# Backflow prevention on fire sprinkler systems



## retire09 (Nov 19, 2013)

When did the requirement for backflow prevention on fire sprinkler systems become effective?

Is the requirement retroacive on older systems?


----------



## hlfireinspector (Nov 19, 2013)

Backflow preventers are a state by state regulation. They are still not required in some states.   _NFPA 13 A.15.1.8  Where connections are made from public waterworks systems, such systems should be guarded against possible contamination as follows (see AWWA M14, Recommended Practice for Backflow Prevention and Cross Connection Control): _

_(1)  For private fire service mains with direct connections from public waterworks mains only or with booster pumps installed in the connections from the street mains, no tanks or reservoirs, no physical connection from other water supplies, no antifreeze or other additives of any kind, and with all drains discharging to atmosphere, dry well, or other safe outlets, no backflow protection is recommended at the service connection._

_(2)  For private fire service mains with direct connection from the public water supply main plus one or more of the following: elevated storage tanks or fire pumps taking suction from aboveground covered reservoirs or tanks (all storage facilities are filled or connected to public water only and the water in the tanks is to be maintained in a potable condition), an approved double check valve assembly is recommended._

_(3)  For private fire service mains directly supplied from public mains with an auxiliary water supply such as a pond or river on or available to the premises and dedicated to fire department use; or for systems supplied from public mains and interconnected with auxiliary supplies, such as pumps taking suction from reservoirs exposed to contamination or rivers and ponds; driven wells, mills, or other industrial water systems; or for systems or portions of systems where antifreeze or other solutions are used, an approved reduced pressure zone-type backflow preventer is recommended._


----------



## cda (Nov 19, 2013)

Kind of same answer city , state, water provider may dictate when the are required

If they are retro active required

My guess if you have an anti freeze system might be a retro fit requirement

As far as when they were required have seen them for many years


----------



## mtlogcabin (Nov 19, 2013)

Backflow preventers are required on all fire protection systems IPC Table 608.1 and UPC Table 603.2 Been there for many years. Not all sprinkler requirements are found in the NFPA standards

IPC

Double check detector fire protection

  backflow prevention assemblies

Low hazard

Backpressure or backsiphonage

  (Fire sprinkler systems)

  Sizes 2² - 16²

UPC similar language however no size references


----------



## retire09 (Nov 20, 2013)

Does anyone know when the requirement originally became effective and if any national code makes it retroactive?


----------



## cda (Nov 20, 2013)

it is in the 97 IPC

http://publicecodes.cyberregs.com/icod/ipc/1997/icod_ipc_1997_6_sec008.htm

and::

102.2 Existing installations.

Plumbing systems lawfully in existence at the time of the adoption of this code shall be permitted to have their use and maintenance continued if the use, maintenance or repair is in accordance with the original design and no hazard to life, health or property is created by such plumbing system.

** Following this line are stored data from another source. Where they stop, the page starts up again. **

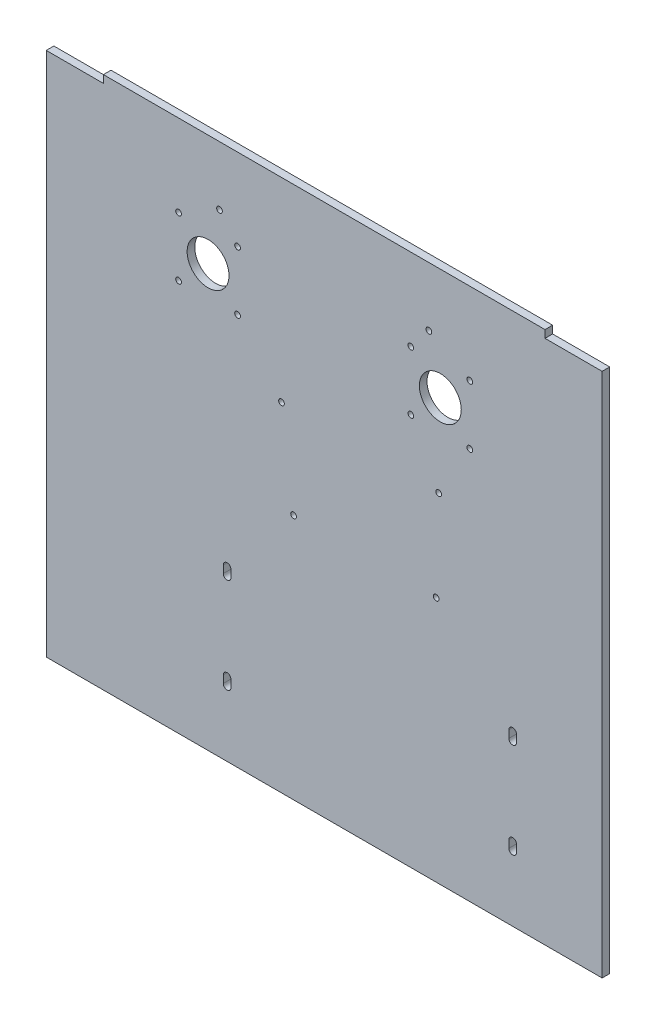
from build123d import *

# Parameters (mm, degrees)
SKETCH1_R           = 1.5
SKETCH1_R_2         = 11
BOSS_EXTRUDE1_DEPTH = 4


with BuildPart() as part:
    # Sketch1 → Boss-Extrude1 (new body)
    with BuildSketch(Plane.XY):
        Polygon((-146, -123.5), (146, -123.5), (146, 152.5), (116, 152.5), (116, 156.5), (-116, 156.5), (-116, 152.5), (-146, 152.5), align=None)
        with BuildLine():
            ThreePointArc((-49, -89), (-51, -91), (-53, -89))
            Line((-53, -89), (-53, -85.07834269))
            ThreePointArc((-53, -85.07834269), (-51, -83.07834269), (-49, -85.07834269))
            Line((-49, -85.07834269), (-49, -89))
        make_face(mode=Mode.SUBTRACT)
        with BuildLine():
            ThreePointArc((-49, -39), (-51, -41), (-53, -39))
            Line((-53, -39), (-53, -35.07834269))
            ThreePointArc((-53, -35.07834269), (-51, -33.07834269), (-49, -35.07834269))
            Line((-49, -35.07834269), (-49, -39))
        make_face(mode=Mode.SUBTRACT)
        with Locations((-16.078681203, 5.935129713)):
            Circle(SKETCH1_R, mode=Mode.SUBTRACT)
        with BuildLine():
            ThreePointArc((101, -89), (99, -91), (97, -89))
            Line((97, -89), (97, -85.07834269))
            ThreePointArc((97, -85.07834269), (99, -83.07834269), (101, -85.07834269))
            Line((101, -85.07834269), (101, -89))
        make_face(mode=Mode.SUBTRACT)
        with Locations((58.851318797, 5.935129713)):
            Circle(SKETCH1_R, mode=Mode.SUBTRACT)
        with BuildLine():
            ThreePointArc((101, -39), (99, -41), (97, -39))
            Line((97, -39), (97, -35.07834269))
            ThreePointArc((97, -35.07834269), (99, -33.07834269), (101, -35.07834269))
            Line((101, -35.07834269), (101, -39))
        make_face(mode=Mode.SUBTRACT)
        with Locations((-76.5, 82.5)):
            Circle(SKETCH1_R, mode=Mode.SUBTRACT)
        with Locations((-45.5, 82.5)):
            Circle(SKETCH1_R, mode=Mode.SUBTRACT)
        with Locations((-22.428681203, 54.195129713)):
            Circle(SKETCH1_R, mode=Mode.SUBTRACT)
        with Locations((-76.5, 113.5)):
            Circle(SKETCH1_R, mode=Mode.SUBTRACT)
        with Locations((-61, 98)):
            Circle(SKETCH1_R_2, mode=Mode.SUBTRACT)
        with Locations((-45.5, 113.5)):
            Circle(SKETCH1_R, mode=Mode.SUBTRACT)
        with Locations((60.121318797, 54.195129713)):
            Circle(SKETCH1_R, mode=Mode.SUBTRACT)
        with Locations((45.5, 82.5)):
            Circle(SKETCH1_R, mode=Mode.SUBTRACT)
        with Locations((76.5, 82.5)):
            Circle(SKETCH1_R, mode=Mode.SUBTRACT)
        with Locations((61, 98)):
            Circle(SKETCH1_R_2, mode=Mode.SUBTRACT)
        with Locations((45.5, 113.5)):
            Circle(SKETCH1_R, mode=Mode.SUBTRACT)
        with Locations((76.5, 113.5)):
            Circle(SKETCH1_R, mode=Mode.SUBTRACT)
        with Locations((55, 125.5)):
            Circle(SKETCH1_R, mode=Mode.SUBTRACT)
        with Locations((-55, 125.5)):
            Circle(SKETCH1_R, mode=Mode.SUBTRACT)
    extrude(amount=BOSS_EXTRUDE1_DEPTH)


solid = part.part
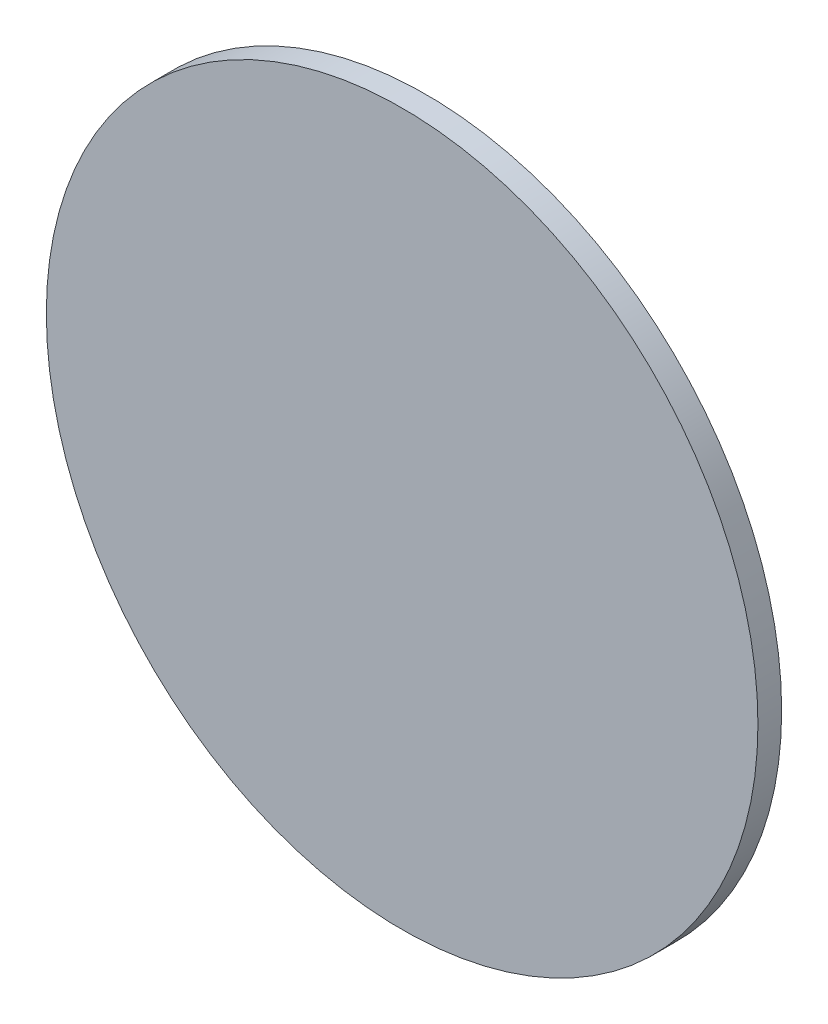
from build123d import *

# Parameters (mm, degrees)
SKETCH2_R           = 30
BOSS_EXTRUDE1_DEPTH = 2


with BuildPart() as part:
    # Sketch2 → Boss-Extrude1 (new body)
    with BuildSketch(Plane.XY):
        Circle(SKETCH2_R)
    extrude(amount=BOSS_EXTRUDE1_DEPTH)


solid = part.part
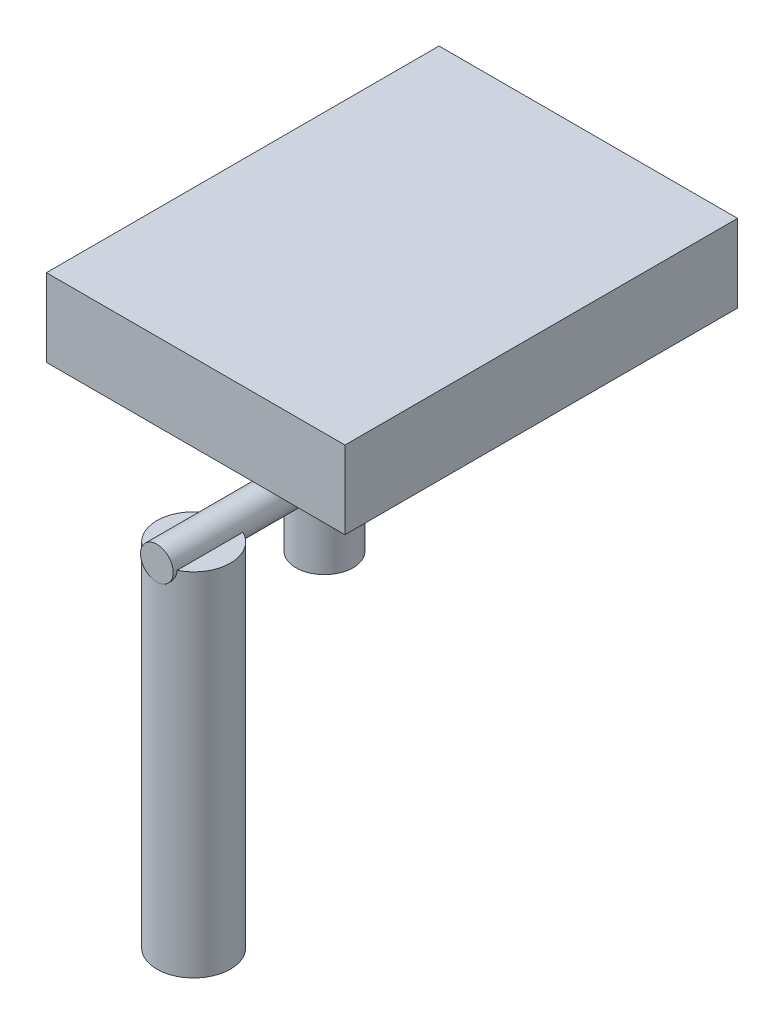
from build123d import *

# Parameters (mm, degrees)
ESQUISSE1_W        = 365
ESQUISSE1_H        = 95
BOSS_EXTRU_1_DEPTH = 480
ESQUISSE3_R        = 35
BOSS_EXTRU_2_DEPTH = 235
BOSS_EXTRU_3_REACH = 632.889
ESQUISSE4_R        = 20
BOSS_EXTRU_4_START = 145
ESQUISSE5_R        = 45
BOSS_EXTRU_4_DEPTH = 430
ESQUISSE6_W        = 170
ESQUISSE6_H        = 70
BOSS_EXTRU_5_DEPTH = 55
ESQUISSE7_R        = 60
BOSS_EXTRU_6_DEPTH = 55


with BuildPart() as part:
    # Esquisse1 → Boss.-Extru.1 (new body)
    with BuildSketch(Plane.XY):
        with Locations((103.348235656, -10.607228484)):
            Rectangle(ESQUISSE1_W, ESQUISSE1_H)
    extrude(amount=BOSS_EXTRU_1_DEPTH)

    # Esquisse3 → Boss.-Extru.2 (add)
    with BuildSketch(Plane.XZ.offset(58.107228484)):
        with Locations((55.848235656, 275)):
            Circle(ESQUISSE3_R)
    extrude(amount=BOSS_EXTRU_2_DEPTH)

    # Esquisse4 → Boss.-Extru.3 (add, up to next)
    with BuildSketch(Plane.XY.offset(480), mode=Mode.PRIVATE) as boss_extru_3_sk1:
        with Locations((55.848235656, -203.107228484)):
            Circle(ESQUISSE4_R)
    boss_extru_3_tool1 = extrude(boss_extru_3_sk1.sketch, amount=-BOSS_EXTRU_3_REACH, mode=Mode.PRIVATE) - part.part
    add(boss_extru_3_tool1.solids().sort_by_distance((55.848236, -203.107228, 480))[0])

    # Esquisse6 → Boss.-Extru.5 (add)
    with BuildSketch(Plane.XZ.offset(58.107228484)):
        with Locations((5.848235656, 275)):
            Rectangle(ESQUISSE6_W, ESQUISSE6_H)
    extrude(amount=BOSS_EXTRU_5_DEPTH)

    # Esquisse7 → Boss.-Extru.6 (add)
    with BuildSketch(Plane.XZ.offset(58.107228484)):
        with Locations((55.848235656, 275)):
            Circle(ESQUISSE7_R)
    extrude(amount=BOSS_EXTRU_6_DEPTH)


with BuildPart() as body_2:
    # Esquisse5 → Boss.-Extru.4 (new body)
    with BuildSketch(Plane.XZ.offset(58.107228484).offset(BOSS_EXTRU_4_START)):
        with Locations((55.848235656, 435)):
            Circle(ESQUISSE5_R)
    extrude(amount=BOSS_EXTRU_4_DEPTH)


solid = Compound([part.part, body_2.part])

And once again it looks like should look to the city, state or water provider for when they require them, and if they require retrofit


----------



## peach (Nov 21, 2013)

Same here.. always required by the water authority.


----------



## JBI (Nov 21, 2013)

retire09 -

There is no National requirement. It is State by State and/or jurisdiction by jurisdiction. You need to research the laws, codes, rules and regulations for the jurisdiction the facility is located in. That is where you will find the answer.

For example, NYS has required compliance with a Statewide Code since 1984, but many jurisdictions adopted codes long before that.

The Town of Thompson in Sullivan County, NY has had an enforceable Building Code since the mid to late 1960's, but the Village of Monticello (wholly within the town) has had an enforceable Building Code since at least the early 50's, while Nassau County (on Long Island) has had an enforceable Fire Code for about 100 years now.


----------



## cda (Nov 21, 2013)

retire09 said:
			
		

> When did the requirement for backflow prevention on fire sprinkler systems become effective?Is the requirement retroacive on older systems?


So what is the real question?

Do you think some retro fits are needed

Is someone asking for retrofit?


----------



## conarb (Nov 21, 2013)

CDA said:
			
		

> So what is the real question?Do you think some retro fits are needed
> 
> Is someone asking for retrofit?


I think the answer was given above, check with the water district, around here backflow devices are a water department requirement.


----------



## hlfireinspector (Nov 21, 2013)

Link to current Mississippi Law. They do have a reto section.    http://msdh.ms.gov/msdhsite/index.cfm/30,3275,76,225,pdf/3275.pdf  and http://www.mscode.com/free/statutes/41/026/0014.htm  (b) If any municipality or county adopts or has previously adopted a building code, plumbing code or any other code that contains requirements or standards regarding cross connections or backflow preventer devices, the municipality or county or any public water system operating in the municipality or county shall not implement or enforce any such requirements or standards that are more stringent or extensive in scope, coverage or effect than the provisions of this section or any rules or regulations adopted by the board to implement this section, or are in conflict or inconsistent with the provisions of this section or any rules or regulations adopted by the board to implement this section.


----------